Literature DB >> 23270962

Pectoral muscle segmentation: a review.

Karthikeyan Ganesan1, U Rajendra Acharya, Kuang Chua Chua, Lim Choo Min, K Thomas Abraham.   

Abstract

Mammograms are X-ray images of breasts which are used to detect breast cancer. The pectoral muscle is a mass of tissue on which the breast rests. During routine mammographic screenings, in medio-lateral oblique (MLO) views, the pectoral muscle turns up in the mammograms along with the breast tissues. The pectoral muscle has to be segmented from the mammogram for an effective automated computer aided diagnosis (CAD). This is due to the fact that pectoral muscles have pixel intensities and texture similar to that of breast tissues which can result in awry CAD results.
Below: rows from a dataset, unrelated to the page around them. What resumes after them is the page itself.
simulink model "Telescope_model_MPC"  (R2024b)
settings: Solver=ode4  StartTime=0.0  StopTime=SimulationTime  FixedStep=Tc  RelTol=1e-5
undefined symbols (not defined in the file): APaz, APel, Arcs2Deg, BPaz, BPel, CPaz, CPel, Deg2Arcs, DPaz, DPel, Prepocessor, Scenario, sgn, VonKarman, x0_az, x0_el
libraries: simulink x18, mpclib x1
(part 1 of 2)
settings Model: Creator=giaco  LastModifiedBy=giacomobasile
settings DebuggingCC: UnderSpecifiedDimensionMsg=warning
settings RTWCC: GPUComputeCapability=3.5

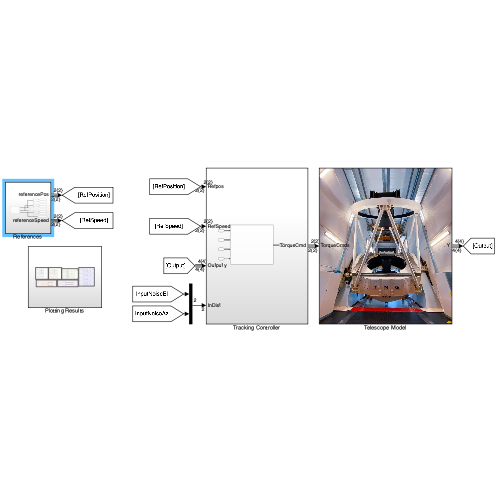
[thumbnail: Simulink's stored preview of the top-level diagram]
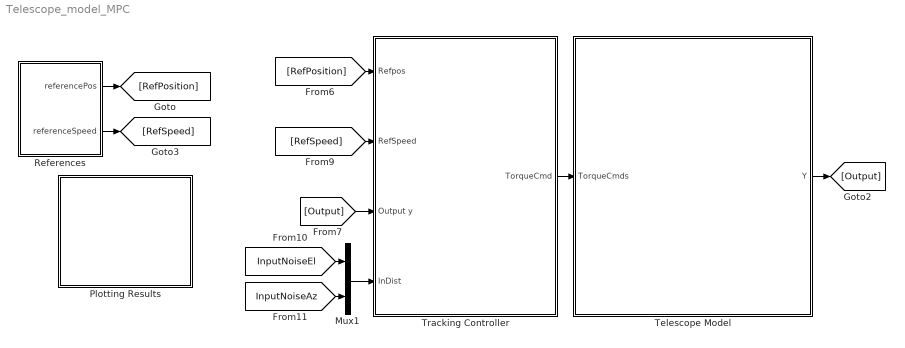
== system Telescope_model_MPC ==
  Mux1 : Mux  Inputs=2
  Plotting Results : Subsystem
  References : Subsystem
  Telescope Model : Subsystem
      mask Display: image('tng1_1.jpg');
  Tracking Controller : Subsystem
  wires:
  [InputNoiseAz] -> Mux1/2
  [RefSpeed] -> Tracking Controller/2(RefSpeed)
  [Output] -> Tracking Controller/3(Output y)
  Mux1/1 -> Tracking Controller/4(InDist)
  [RefPosition] -> Tracking Controller/1(Refpos)
  [InputNoiseEl] -> Mux1/1
  References/2(referenceSpeed) -> [RefSpeed]
  References/1(referencePos) -> [RefPosition]
  Telescope Model/1(Y) -> [Output]
  Tracking Controller/1(TorqueCmd) -> Telescope Model/1(TorqueCmds)

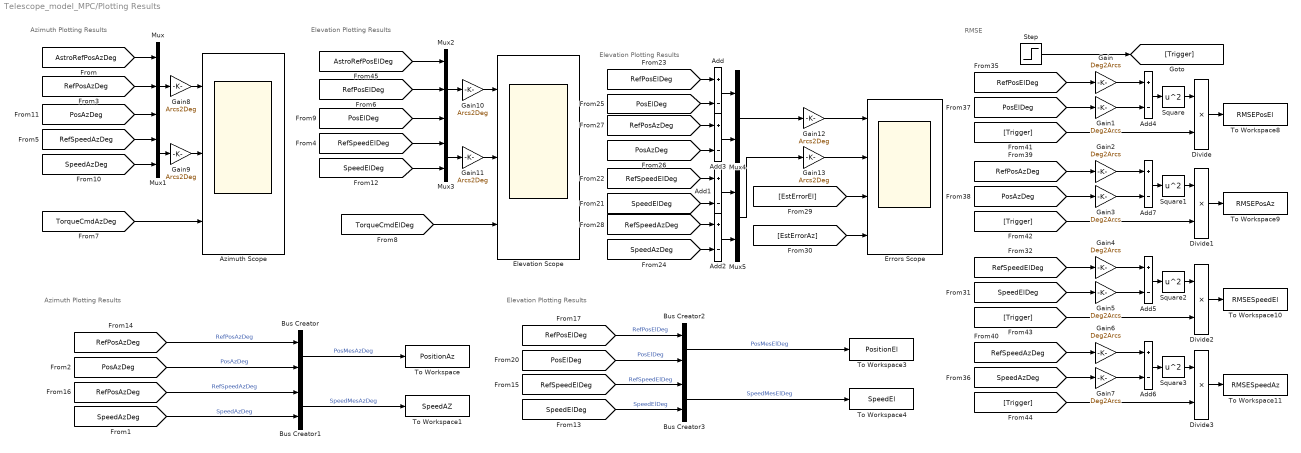
== system Telescope_model_MPC/Plotting Results ==
  note: RMSE
  note: Azimuth Plotting Results
  note: Elevation Plotting Results
  note: Elevation Plotting Results
  note: Azimuth Plotting Results
  note: Elevation Plotting Results
  Add{,1..7} (8 alike) : Sum  Inputs=+-
  Azimuth Scope : Scope  NumInputPorts=3
  Bus Creator{,1..3} (4 alike) : BusCreator  Inputs=2
  Divide{,1..3} (4 alike) : Product  Inputs=**
  Elevation Scope : Scope  NumInputPorts=3
  Errors Scope : Scope  NumInputPorts=4
  Gain{,1..7} (8 alike) : Gain  Gain=Deg2Arcs
  Gain{8..13} (6 alike) : Gain  Gain=Arcs2Deg
  Mux : Mux  Inputs=3
  Mux{1,3..5} (4 alike) : Mux  Inputs=2
  Mux2 : Mux  Inputs=3
  Square{,1..3} (4 alike) : Math  Operator=square
  Step : Step  Time=350  SampleTime=0
  To Workspace : ToWorkspace  VariableName=PositionAz  SaveFormat=Timeseries  SampleTime=-1
  To Workspace1 : ToWorkspace  VariableName=SpeedAZ  SaveFormat=Timeseries  SampleTime=-1
  To Workspace10 : ToWorkspace  VariableName=RMSESpeedEl  SaveFormat=Timeseries  SampleTime=-1
  To Workspace11 : ToWorkspace  VariableName=RMSESpeedAz  SaveFormat=Timeseries  SampleTime=-1
  To Workspace3 : ToWorkspace  VariableName=PositionEl  SaveFormat=Timeseries  SampleTime=-1
  To Workspace4 : ToWorkspace  VariableName=SpeedEl  SaveFormat=Timeseries  SampleTime=-1
  To Workspace8 : ToWorkspace  VariableName=RMSEPosEl  SaveFormat=Timeseries  SampleTime=-1
  To Workspace9 : ToWorkspace  VariableName=RMSEPosAz  SaveFormat=Timeseries  SampleTime=-1
  wires:
  [RefPosAzDeg] -> Mux/2
  [PosAzDeg] -> Mux/3
  [RefSpeedAzDeg] -> Mux1/1
  [SpeedAzDeg] -> Mux1/2
  Mux/1 -> Gain8/1
  Mux1/1 -> Gain9/1
  [TorqueCmdAzDeg] -> Azimuth Scope/3
  [TorqueCmdElDeg] -> Elevation Scope/3
  Mux3/1 -> Gain11/1
  Mux2/1 -> Gain10/1
  [SpeedElDeg] -> Mux3/2
  [RefSpeedElDeg] -> Mux3/1
  [PosElDeg] -> Mux2/3
  [RefPosElDeg] -> Mux2/2
  [PosAzDeg] -> Bus Creator/2  "PosAzDeg"
  [SpeedAzDeg] -> Bus Creator1/2  "SpeedAzDeg"
  [RefPosAzDeg] -> Bus Creator/1  "RefPosAzDeg"
  [RefPosAzDeg] -> Bus Creator1/1  "RefSpeedAzDeg"
  [RefPosElDeg] -> Bus Creator2/1  "RefPosElDeg"
  [PosElDeg] -> Bus Creator2/2  "PosElDeg"
  [RefSpeedElDeg] -> Bus Creator3/1  "RefSpeedElDeg"
  [SpeedElDeg] -> Bus Creator3/2  "SpeedElDeg"
  Bus Creator/1 -> To Workspace/1  "PosMesAzDeg"
  Bus Creator1/1 -> To Workspace1/1  "SpeedMesAzDeg"
  Bus Creator2/1 -> To Workspace3/1  "PosMesElDeg"
  Bus Creator3/1 -> To Workspace4/1  "SpeedMesElDeg"
  [RefPosElDeg] -> Add/1
  [PosElDeg] -> Add/2
  [RefSpeedElDeg] -> Add1/1
  [SpeedElDeg] -> Add1/2
  [RefSpeedAzDeg] -> Add2/1
  [SpeedAzDeg] -> Add2/2
  [RefPosAzDeg] -> Add3/1
  [PosAzDeg] -> Add3/2
  Add/1 -> Mux4/1
  Add3/1 -> Mux4/2
  Add1/1 -> Mux5/1
  Add2/1 -> Mux5/2
  Mux4/1 -> Gain12/1
  Mux5/1 -> Gain13/1
  [EstErrorEl] -> Errors Scope/3
  [EstErrorAz] -> Errors Scope/4
  Add6/1 -> Square3/1
  Add5/1 -> Square2/1
  Add7/1 -> Square1/1
  Add4/1 -> Square/1
  [PosAzDeg] -> Gain3/1
  [RefPosAzDeg] -> Gain2/1
  [SpeedAzDeg] -> Gain7/1
  [RefSpeedAzDeg] -> Gain6/1
  [SpeedElDeg] -> Gain5/1
  [RefSpeedElDeg] -> Gain4/1
  [PosElDeg] -> Gain1/1
  [RefPosElDeg] -> Gain/1
  Square/1 -> Divide/1
  Divide/1 -> To Workspace8/1
  Step/1 -> [Trigger]
  [Trigger] -> Divide/2
  [Trigger] -> Divide1/2
  Square1/1 -> Divide1/1
  Divide1/1 -> To Workspace9/1
  [Trigger] -> Divide2/2
  Square2/1 -> Divide2/1
  Divide2/1 -> To Workspace10/1
  [Trigger] -> Divide3/2
  Square3/1 -> Divide3/1
  Divide3/1 -> To Workspace11/1
  Gain/1 -> Add4/1
  Gain1/1 -> Add4/2
  Gain2/1 -> Add7/1
  Gain3/1 -> Add7/2
  Gain4/1 -> Add5/1
  Gain5/1 -> Add5/2
  Gain6/1 -> Add6/1
  Gain7/1 -> Add6/2
  [AstroRefPosElDeg] -> Mux2/1
  [AstroRefPosAzDeg] -> Mux/1
  Gain8/1 -> Azimuth Scope/1
  Gain9/1 -> Azimuth Scope/2
  Gain10/1 -> Elevation Scope/1
  Gain11/1 -> Elevation Scope/2
  Gain12/1 -> Errors Scope/1
  Gain13/1 -> Errors Scope/2

== system Telescope_model_MPC/References ==
  Bus Selector : BusSelector  OutputSignals=Azimuth,Elevation
  Bus Selector1 : BusSelector  OutputSignals=ElevationPosition,AzimuthPosition
  Bus Selector2 : BusSelector  OutputSignals=Azimuth,Elevation
  References : Subsystem  Variant=on  VariantControl=Choice
  To Workspace : ToWorkspace  VariableName=AstroReference  SaveFormat=Timeseries  SampleTime=-1
  referencePos : Outport
  referenceSpeed : Outport  Port=2
  tag scope: AstroRefPosAzDeg=global, AstroRefPosElDeg=global, RefPosAzDeg=global, RefPosElDeg=global, RefSpeedAzDeg=global, RefSpeedElDeg=global
  wires:
  References/1(referencePos) -> Bus Selector/1, referencePos/1  "[Deg]"
  Bus Selector/1 -> [RefPosAzDeg]  "<Azimuth>"
  Bus Selector/2 -> [RefPosElDeg]  "<Elevation>"
  Bus Selector1/2 -> [AstroRefPosAzDeg]  "<AzimuthPosition>"
  Bus Selector1/1 -> [AstroRefPosElDeg]  "<ElevationPosition>"
  References/3(AstroReference) -> To Workspace/1, Bus Selector1/1  "[Deg]"
  Bus Selector2/2 -> [RefSpeedElDeg]  "<Elevation>"
  Bus Selector2/1 -> [RefSpeedAzDeg]  "<Azimuth>"
  References/2(referenceSpeed) -> Bus Selector2/1, referenceSpeed/1  "[Deg]"

== system Telescope_model_MPC/Telescope Model ==
  note: Input Management Section
  note: Models dynamics
  TorqueCmds : Inport
  Azimuth Model : Subsystem
  Bus Selector : BusSelector  OutputSignals=Elevation,Azimuth
  Demux : Demux  Outputs=2
  Demux1 : Demux  Outputs=2
  Elevation Model : Subsystem
  Scope : Scope  NumInputPorts=2
  To Workspace1 : ToWorkspace  VariableName=TorqueAz  SaveFormat=Timeseries  SampleTime=-1
  To Workspace3 : ToWorkspace  VariableName=TorqueEl  SaveFormat=Timeseries  SampleTime=-1
  Out Bus Element2 : Outport  PortName=Y  Element=ElevationSpeed
  Out Bus Element3 : Outport  PortName=Y  Element=ElevationPosition
  Out Bus Element4 : Outport  PortName=Y  Element=AzimuthSpeed
  Out Bus Element5 : Outport  PortName=Y  Element=AzimuthPosition
  tag scope: PosAzDeg=global, PosElDeg=global, SpeedAzDeg=global, SpeedElDeg=global, TorqueCmdAzDeg=global, TorqueCmdElDeg=global
  wires:
  TorqueCmds/1 -> Bus Selector/1
  Azimuth Model/1(y) -> Demux1/1, Scope/2  "[Arcs]"
  Elevation Model/1(y) -> Scope/1, Demux/1  "[Arcs]"
  Bus Selector/1 -> To Workspace3/1, [TorqueCmdElDeg]  "<Elevation>"
  Bus Selector/2 -> To Workspace1/1, [TorqueCmdAzDeg]  "<Azimuth>"
  [TorqueCmdElDeg] -> Elevation Model/1(Torque)
  [TorqueCmdAzDeg] -> Azimuth Model/1(Troque)
  Demux/2 -> [SpeedElDeg], Out Bus Element2/1
  Demux/1 -> Out Bus Element3/1, [PosElDeg]
  Demux1/1 -> Out Bus Element5/1, [PosAzDeg]
  Demux1/2 -> [SpeedAzDeg], Out Bus Element4/1

== system Telescope_model_MPC/Tracking Controller ==
  Refpos : Inport
  RefSpeed : Inport  Port=2
  Output y : Inport  Port=3
  InDist : Inport  Port=4
  Tracking_Controller_MPC : Subsystem  TreatAsAtomicUnit=on  VariantControl=CtrMode == 3 && NNFConf == 2
  TorqueCmd : Outport
  wires:
  Refpos/1 -> Tracking_Controller_MPC/1(Refpos)
  Output y/1 -> Tracking_Controller_MPC/3(Output y)
  Tracking_Controller_MPC/1(TorqueCmd) -> TorqueCmd/1
  RefSpeed/1 -> Tracking_Controller_MPC/2(RefSpeed)
  InDist/1 -> Tracking_Controller_MPC/4(InDist)

== system Telescope_model_MPC/References/References ==
  " References from TNG" : Subsystem  VariantControl=Ref == 0 && Prepocessor.flag == 0 && TNG==1
  Astrometric Computation : Subsystem  VariantControl=Ref == 0 && Prepocessor.flag == 0 && TNG==0
  Prepocessed Trivial References PID/LQG : Subsystem  VariantControl=Ref == 1
  Preprocessed Astrometric Computation : Subsystem  VariantControl=Ref == 0 && Prepocessor.flag == 1 && TNG==0
  Preprocessed Astrometric References from TNG : Subsystem  VariantControl=Ref == 0 && Prepocessor.flag == 1 && TNG==1
  Trivial References PID/LQG : Subsystem  VariantControl=Ref == 1
  referencePos : Outport
  referenceSpeed : Outport  Port=2
  AstroReference : Outport  Port=3

== system Telescope_model_MPC/Telescope Model/Azimuth Model ==
  Troque : Inport
  Add : Sum
  Add1 : Sum
  Integrator : Integrator  InitialCondition=x0_az
  Noise Model : Subsystem  Variant=on  VariantControl=Choice
  Scope : Scope  NumInputPorts=2
  Sum : Sum  Inputs=++|
  Sum1 : Sum  Inputs=++|
  sys.A : Gain  Gain=APaz  Multiplication=Matrix(K*u)
  sys.B : Gain  Gain=BPaz  Multiplication=Matrix(K*u)
  sys.C : Gain  Gain=CPaz  Multiplication=Matrix(K*u)
  sys.D : Gain  Gain=DPaz  Multiplication=Matrix(K*u)
  y : Outport
  tag scope: InputNoiseAz=global
  wires:
  Add1/1 -> Integrator/1
  sys.C/1 -> Add/2
  sys.D/1 -> Add/1
  Sum1/1 -> sys.B/1, sys.D/1
  Sum/1 -> y/1
  Add/1 -> Sum/2
  Troque/1 -> Sum1/2
  Noise Model/1(d_out) -> Scope/1, Sum/1
  sys.B/1 -> Add1/1
  sys.A/1 -> Add1/2
  Integrator/1 -> sys.A/1, sys.C/1
  Noise Model/2(d_in) -> [InputNoiseAz], Sum1/1, Scope/2

== system Telescope_model_MPC/Telescope Model/Elevation Model ==
  Torque : Inport
  Add : Sum
  Add1 : Sum
  Integrator : Integrator  InitialCondition=x0_el
  Noise Model : Subsystem  Variant=on  VariantControl=Choice
  Scope : Scope  NumInputPorts=2
  Sum : Sum  Inputs=++|
  Sum1 : Sum  Inputs=++|
  sys.A : Gain  Gain=APel  Multiplication=Matrix(K*u)
  sys.B : Gain  Gain=BPel  Multiplication=Matrix(K*u)
  sys.C : Gain  Gain=CPel  Multiplication=Matrix(K*u)
  sys.D : Gain  Gain=DPel  Multiplication=Matrix(K*u)
  y : Outport
  tag scope: InputNoiseEl=global
  wires:
  sys.B/1 -> Add1/1
  sys.C/1 -> Add/2
  sys.D/1 -> Add/1
  Add/1 -> Sum/2
  Sum/1 -> y/1
  Sum1/1 -> sys.B/1, sys.D/1
  Torque/1 -> Sum1/2
  Noise Model/1(d_out) -> Scope/1, Sum/1
  Noise Model/2(d_in) -> [InputNoiseEl], Sum1/1, Scope/2
  sys.A/1 -> Add1/2
  Add1/1 -> Integrator/1
  Integrator/1 -> sys.A/1, sys.C/1

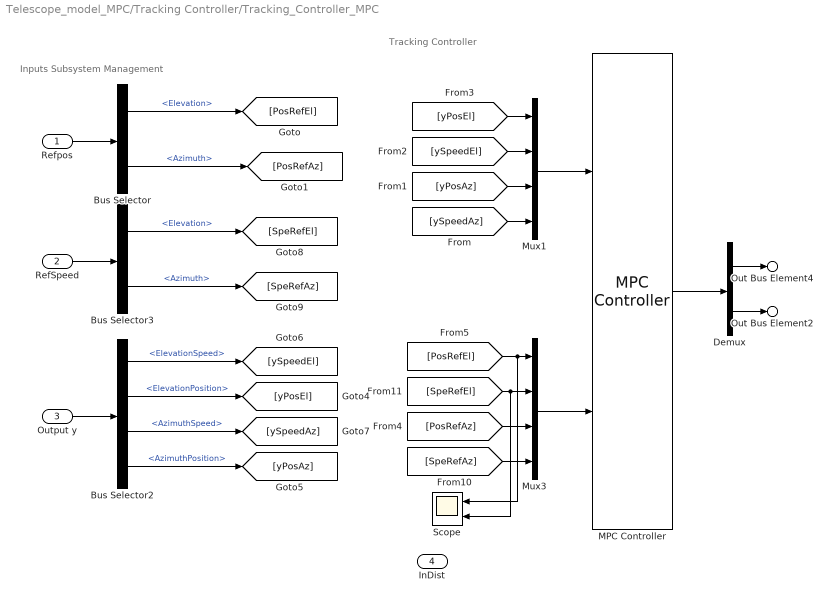
== system Telescope_model_MPC/Tracking Controller/Tracking_Controller_MPC ==
  note: Inputs Subsystem Management
  note: Tracking Controller
  Refpos : Inport
  RefSpeed : Inport  Port=2
  Output y : Inport  Port=3
  InDist : Inport  Port=4
  Bus Selector : BusSelector  OutputSignals=Elevation,Azimuth
  Bus Selector2 : BusSelector  OutputSignals=ElevationSpeed,ElevationPosition,AzimuthSpeed,AzimuthPosition
  Bus Selector3 : BusSelector  OutputSignals=Elevation,Azimuth
  Demux : Demux  Outputs=2
  MPC Controller : mpclib/MPC Controller  SCDEnableBlockLinearizationSpecification=on  mpcobj=mpcobj  is_multiple=0  enable_value=0  return_u0=off  updateMPCinCallerWorkspace=on  md_inport=off  mv_inport=off  uref_inport=off  return_cost=off  return_mvseq=off  return_qpstatus=off  return_xseq=off  return_state=off  return_ovseq=off  state_inport=off  umin_inport=off  umax_inport=off  ymin_inport=off  ymax_inport=off  cc_inport=off  ywt_inport=off  uwt_inport=off  duwt_inport=off  rhoeps_inport=off  pm_inport=off  MaximumP=10  HorizonChoice=FixedHorizon  n_ts=0.002  n_p=1000  n_mv=2  n_md=0  n_ud=0  n_mo=4  n_uo=0  BlockDataType=double  SampleTimeInherited=off  switch_inport=off
  Mux1 : Mux
  Mux3 : Mux
  Scope : Scope  NumInputPorts=2
  Out Bus Element2 : Outport  PortName=TorqueCmd  Element=Azimuth
  Out Bus Element4 : Outport  PortName=TorqueCmd  Element=Elevation
  wires:
  Bus Selector2/2 -> [yPosEl]  "<ElevationPosition>"
  Bus Selector2/1 -> [ySpeedEl]  "<ElevationSpeed>"
  Bus Selector2/3 -> [ySpeedAz]  "<AzimuthSpeed>"
  Bus Selector2/4 -> [yPosAz]  "<AzimuthPosition>"
  Output y/1 -> Bus Selector2/1
  Bus Selector/2 -> [PosRefAz]  "<Azimuth>"
  Bus Selector/1 -> [PosRefEl]  "<Elevation>"
  Refpos/1 -> Bus Selector/1
  MPC Controller/1 -> Demux/1
  Bus Selector3/1 -> [SpeRefEl]  "<Elevation>"
  Bus Selector3/2 -> [SpeRefAz]  "<Azimuth>"
  RefSpeed/1 -> Bus Selector3/1
  Mux3/1 -> MPC Controller/2
  Mux1/1 -> MPC Controller/1
  [PosRefAz] -> Mux3/3
  [SpeRefAz] -> Mux3/4
  [yPosAz] -> Mux1/3
  [ySpeedAz] -> Mux1/4
  [SpeRefEl] -> Scope/2, Mux3/2
  [PosRefEl] -> Scope/1, Mux3/1
  [yPosEl] -> Mux1/1
  [ySpeedEl] -> Mux1/2
  Demux/1 -> Out Bus Element4/1
  Demux/2 -> Out Bus Element2/1

== system Telescope_model_MPC/References/References/ References from TNG ==
  Discrete Derivative : simulink/Discrete/Discrete Derivative  gainval=1.0  ICPrevScaledInput=0.0  OutMin=[]  OutMax=[]  OutDataType=fixdt(1, 16)  OutScaling=2^-10  DoSatur=off
  Discrete Derivative1 : simulink/Discrete/Discrete Derivative  gainval=1.0  ICPrevScaledInput=0.0  OutMin=[]  OutMax=[]  OutDataType=fixdt(1, 16)  OutScaling=2^-10  DoSatur=off
  From Workspace : FromWorkspace  VariableName=Scenario.AzimuthPosition
  From Workspace1 : FromWorkspace  VariableName=Scenario.ElevationPosition
  Out Bus Element : Outport  PortName=referencePos  Element=Azimuth
  Out Bus Element1 : Outport  PortName=referencePos  Element=Elevation
  Out Bus Element2 : Outport  Port=2  PortName=referenceSpeed  Element=Azimuth
  Out Bus Element3 : Outport  Port=2  PortName=referenceSpeed  Element=Elevation
  Out Bus Element4 : Outport  Port=3  PortName=AstroReference  Element=AzimuthSpeed
  Out Bus Element5 : Outport  Port=3  PortName=AstroReference  Element=ElevationPosition
  Out Bus Element6 : Outport  Port=3  PortName=AstroReference  Element=AzimuthPosition
  Out Bus Element7 : Outport  Port=3  PortName=AstroReference  Element=ElevationSpeed
  wires:
  From Workspace/1 -> Discrete Derivative1/1, Out Bus Element6/1, Out Bus Element/1  "[Arcs]"
  From Workspace1/1 -> Discrete Derivative/1, Out Bus Element5/1, Out Bus Element1/1  "[Arcs]"
  Discrete Derivative1/1 -> Out Bus Element4/1, Out Bus Element2/1
  Discrete Derivative/1 -> Out Bus Element7/1, Out Bus Element3/1

== system Telescope_model_MPC/References/References/Astrometric Computation ==
  Clock : Clock
  Constant10 : Constant  Value=Scenario.VLT
  Constant11 : Constant  Value=Scenario.Time
  Constant19 : Constant  Value=Scenario.RAhh
  Constant21 : Constant  Value=Scenario.DECdd
  Constant3 : Constant  Value=Scenario.RAmm
  Constant4 : Constant  Value=Scenario.RAss
  Constant6 : Constant  Value=Scenario.DECmm
  Constant7 : Constant  Value=Scenario.DECss
  Constant8 : Constant  Value=Scenario.LATsite
  Constant9 : Constant  Value=Scenario.LONsite
  Discrete Derivative{,1..3} (4 alike) : simulink/Discrete/Discrete Derivative  gainval=1.0  ICPrevScaledInput=0.0  OutMin=[]  OutMax=[]  OutDataType=fixdt(1, 16)  OutScaling=2^-10  DoSatur=off
  MATLAB Function : MATLAB Function  TreatAsAtomicUnit=on
  Scope2 : Scope
  Out Bus Element : Outport  PortName=referencePos  Element=Azimuth
  Out Bus Element1 : Outport  PortName=referencePos  Element=Elevation
  Out Bus Element2 : Outport  Port=2  PortName=referenceSpeed  Element=Azimuth
  Out Bus Element3 : Outport  Port=2  PortName=referenceSpeed  Element=Elevation
  Out Bus Element4 : Outport  Port=3  PortName=AstroReference  Element=AzimuthSpeed
  Out Bus Element5 : Outport  Port=3  PortName=AstroReference  Element=ElevationPosition
  Out Bus Element6 : Outport  Port=3  PortName=AstroReference  Element=AzimuthPosition
  Out Bus Element7 : Outport  Port=3  PortName=AstroReference  Element=ElevationSpeed
  wires:
  Discrete Derivative1/1 -> Out Bus Element7/1
  Constant9/1 -> MATLAB Function/10(Longitude)
  Constant19/1 -> MATLAB Function/3(RAhh)
  Constant3/1 -> MATLAB Function/4(RAmm)
  Constant21/1 -> MATLAB Function/6(DECdd)
  Clock/1 -> Scope2/1, MATLAB Function/1(clo)
  Discrete Derivative3/1 -> Out Bus Element3/1
  Constant4/1 -> MATLAB Function/5(RAss)
  Constant7/1 -> MATLAB Function/8(DECss)
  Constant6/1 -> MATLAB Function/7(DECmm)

As a result, a lot of effort has been put into the segmentation of pectoral muscles and finding its contour with the breast tissues. To the best of our knowledge, currently there is no definitive literature available which provides a comprehensive review about the current state of research in this area of pectoral muscle segmentation. We try to address this shortcoming by providing a comprehensive review of research papers in this area. A conscious effort has been made to avoid deviating into the area of automated breast cancer detection.
Copyright © 2012 Elsevier Ireland Ltd. All rights reserved.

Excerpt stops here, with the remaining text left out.